Inserts a memory fence with sequentially-consistent ordering semantics. There are algorithms where this is needed, i.e. where an acquire/release ordering is insufficient.

This is likely a very expensive operation. Given that all other atomic operations in Julia already have acquire/release semantics, explicit fences should not be necessary in most cases.

For further details, see LLVM's `fence`

instruction.

## ccall using a threadpool (Experimental)

`Base.@threadcall`

— Macro.`@threadcall((cfunc, clib), rettype, (argtypes...), argvals...)`

The `@threadcall`

macro is called in the same way as `ccall`

but does the work in a different thread. This is useful when you want to call a blocking C function without causing the main `julia`

thread to become blocked. Concurrency is limited by size of the libuv thread pool, which defaults to 4 threads but can be increased by setting the `UV_THREADPOOL_SIZE`

environment variable and restarting the `julia`

process.

Note that the called function should never call back into Julia.

# Low-level synchronization primitives

These building blocks are used to create the regular synchronization objects.

`Base.Threads.Mutex`

— Type.`Mutex()`

These are standard system mutexes for locking critical sections of logic.

On Windows, this is a critical section object, on pthreads, this is a `pthread_mutex_t`

.

See also `SpinLock`

for a lighter-weight lock.

`Base.Threads.SpinLock`

— Type.`SpinLock()`

Create a non-reentrant lock.
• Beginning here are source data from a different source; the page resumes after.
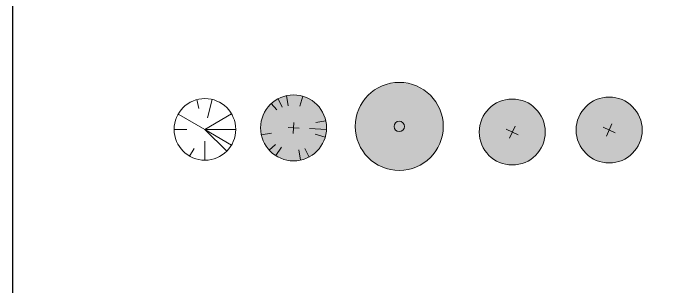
# Model space of a CAD drawing. Header units: metres. Extents: x -2072 to 1581266, y 0 to 323429.
# Drawn here: x 1334.64 to 1349.4, y 2066.3 to 2072.51 of the extents above; entities that cross this region are included whole.
import ezdxf

# ---------------------------------------------------------------- set-up
doc = ezdxf.new("R2010")
doc.units = ezdxf.units.M
doc.layers.add('АГО_Деревья1', color=7, linetype='Continuous', lineweight=0)
doc.layers.add('ГП_Благоустройство_Деревья', color=7, linetype='Continuous', lineweight=0)
doc.layers.add('ГП_Озеленение_деревья и кустарники', color=7, linetype='Continuous', lineweight=9, true_color=0x2e7666)

# ---------------------------------------------------------------- blocks, each defined once
blk = doc.blocks.new('Гортензия')
at = {"layer": 'ГП_Озеленение_деревья и кустарники', "true_color": 0x85b27b}
h = blk.add_hatch(color=83, dxfattribs=at)
h.dxf.hatch_style = 1
h.paths.add_polyline_path([(11904.9163, 8594.9284, 1), (11905.7163, 8594.9284, 1)])
at = {"layer": 'ГП_Озеленение_деревья и кустарники'}
for radius in [0.4, 0.047]:
    blk.add_circle((11905.3163, 8594.9284), radius, dxfattribs=at)
blk = doc.blocks.new('Дерен столонный')
at = {"layer": 'ГП_Озеленение_деревья и кустарники', "true_color": 0xaccd75, "transparency": 33554687}
h = blk.add_hatch(color=63, dxfattribs=at)
h.dxf.hatch_style = 1
edge = h.paths.add_edge_path()
edge.add_arc((-4312.1103, -8763.8336), 0.3, 0, 360)
at = {"layer": 'ГП_Озеленение_деревья и кустарники'}
for p, q in [((-4312.1103, -8763.7736), (-4312.1103, -8763.8936)), ((-4312.0503, -8763.8336), (-4312.1703, -8763.8336))]:
    blk.add_line(p, q, dxfattribs=at)
blk.add_circle((-4312.1103, -8763.8336), 0.3, dxfattribs=at)
blk = doc.blocks.new('Спирея')
at = {"layer": 'ГП_Озеленение_деревья и кустарники', "true_color": 0xb5c9c2}
h = blk.add_hatch(color=9, dxfattribs=at)
h.dxf.hatch_style = 1
h.paths.add_polyline_path([(11975.3929, 8516.6772, 1), (11975.9929, 8516.6772, 1)])
at = {"layer": 'ГП_Озеленение_деревья и кустарники'}
for p, q in [((11975.6155, 8516.967), (11975.6358, 8516.8759)), ((11975.5403, 8516.9355), (11975.5811, 8516.8592)), ((11975.8431, 8516.9368), (11975.7931, 8516.8581)), ((11975.9043, 8516.8899), (11975.8497, 8516.8352)), ((11975.4015, 8516.7488), (11975.4928, 8516.7248)), ((11975.9827, 8516.7545), (11975.8917, 8516.7342)), ((11975.3929, 8516.6772), (11975.5469, 8516.6772)), ((11975.403, 8516.5998), (11975.4941, 8516.6201)), ((11975.8454, 8516.4188), (11975.8046, 8516.4951)), ((11975.9057, 8516.4657), (11975.8509, 8516.5203)), ((11975.6212, 8516.3858), (11975.6452, 8516.4771)), ((11975.7702, 8516.3873), (11975.7499, 8516.4784))]:
    blk.add_line(p, q, dxfattribs=at)
for points in [[(11975.6929, 8516.7272), (11975.6929, 8516.6272)], [(11975.6429, 8516.6772), (11975.7429, 8516.6772)]]:
    blk.add_lwpolyline(points, dxfattribs=at)
blk.add_circle((11975.6929, 8516.6772), 0.3, dxfattribs=at)
blk = doc.blocks.new('Дерен белый')
at = {"layer": 'ГП_Озеленение_деревья и кустарники', "true_color": 0xbfdabf}
h = blk.add_hatch(color=9, dxfattribs=at)
h.dxf.hatch_style = 1
edge = h.paths.add_edge_path()
edge.add_arc((-4253.9183, 16810.69), 0.3, 0, 360)
at = {"layer": 'ГП_Озеленение_деревья и кустарники'}
for p, q in [((-4253.9183, 16810.75), (-4253.9183, 16810.63)), ((-4253.8583, 16810.69), (-4253.9783, 16810.69))]:
    blk.add_line(p, q, dxfattribs=at)
blk.add_circle((-4253.9183, 16810.69), 0.3, dxfattribs=at)
blk = doc.blocks.new('Рябинник')
at = {"layer": 'ГП_Благоустройство_Деревья', "color": 94}
for p, q in [((2525.936, 1169.443), (2525.981, 1169.243)), ((2526.284, 1169.447), (2526.174, 1169.027)), ((2525.527, 1169.107), (2526.118, 1168.767)), ((2526.719, 1169.124), (2526.118, 1168.767)), ((2525.418, 1168.767), (2525.709, 1168.767)), ((2526.818, 1168.767), (2526.118, 1168.767)), ((2526.614, 1168.273), (2526.118, 1168.767)), ((2526.118, 1168.767), (2526.72, 1168.41)), ((2526.118, 1168.067), (2526.118, 1168.5)), ((2525.768, 1168.16), (2525.877, 1168.333))]:
    blk.add_line(p, q, dxfattribs=at)
blk.add_circle((2526.118, 1168.767), 0.7, dxfattribs=at)

msp = doc.modelspace()

# ---------------------------------------------------------------- linework, layer by layer
msp.add_lwpolyline([(1334.641, 2089.984), (1500.398, 2089.984), (1500.398, 1945.527), (1334.641, 1945.527)], close=True)

# ---------------------------------------------------------------- block references
at = {"layer": 'АГО_Деревья1', "transparency": 33554687}
msp.add_blockref('Рябинник', (-1187.118, 901.095), dxfattribs=at)
at = {"layer": 'ГП_Озеленение_деревья и кустарники'}
for name, p, xscale, yscale, zscale, rotation in [('Гортензия', (8562.677, -33922.301), 2.499999999999754, 2.499999999999754, 2.499999999999754, 65.5147539120474), ('Дерен столонный', (-14125.25, 20961.209), 2.499999999999754, 2.499999999999754, 2.499999999999754, 65.5147539120474), ('Спирея', (32209.957, 21989.789), 2.499999999999749, 2.499999999999749, 2.499999999999749, 177.4153136930561)]:
    msp.add_blockref(name, p, dxfattribs=dict(at, xscale=xscale, yscale=yscale, zscale=zscale, rotation=rotation))
at = {"layer": 'ГП_Озеленение_деревья и кустарники', "color": 240, "true_color": 0xed1f24, "xscale": 2.499999999999754, "yscale": 2.499999999999754, "zscale": 2.499999999999754, "rotation": 65.5147539120474}
msp.add_blockref('Дерен белый', (44003.046, -5670.115), dxfattribs=at)

doc.saveas('drawing.dxf')

Recursive use will result in a deadlock. Each `lock`

must be matched with an `unlock`

.

Test-and-test-and-set spin locks are quickest up to about 30ish contending threads. If you have more contention than that, perhaps a lock is the wrong way to synchronize.

See also `Mutex`

for a more efficient version on one core or if the lock may be held for a considerable length of time.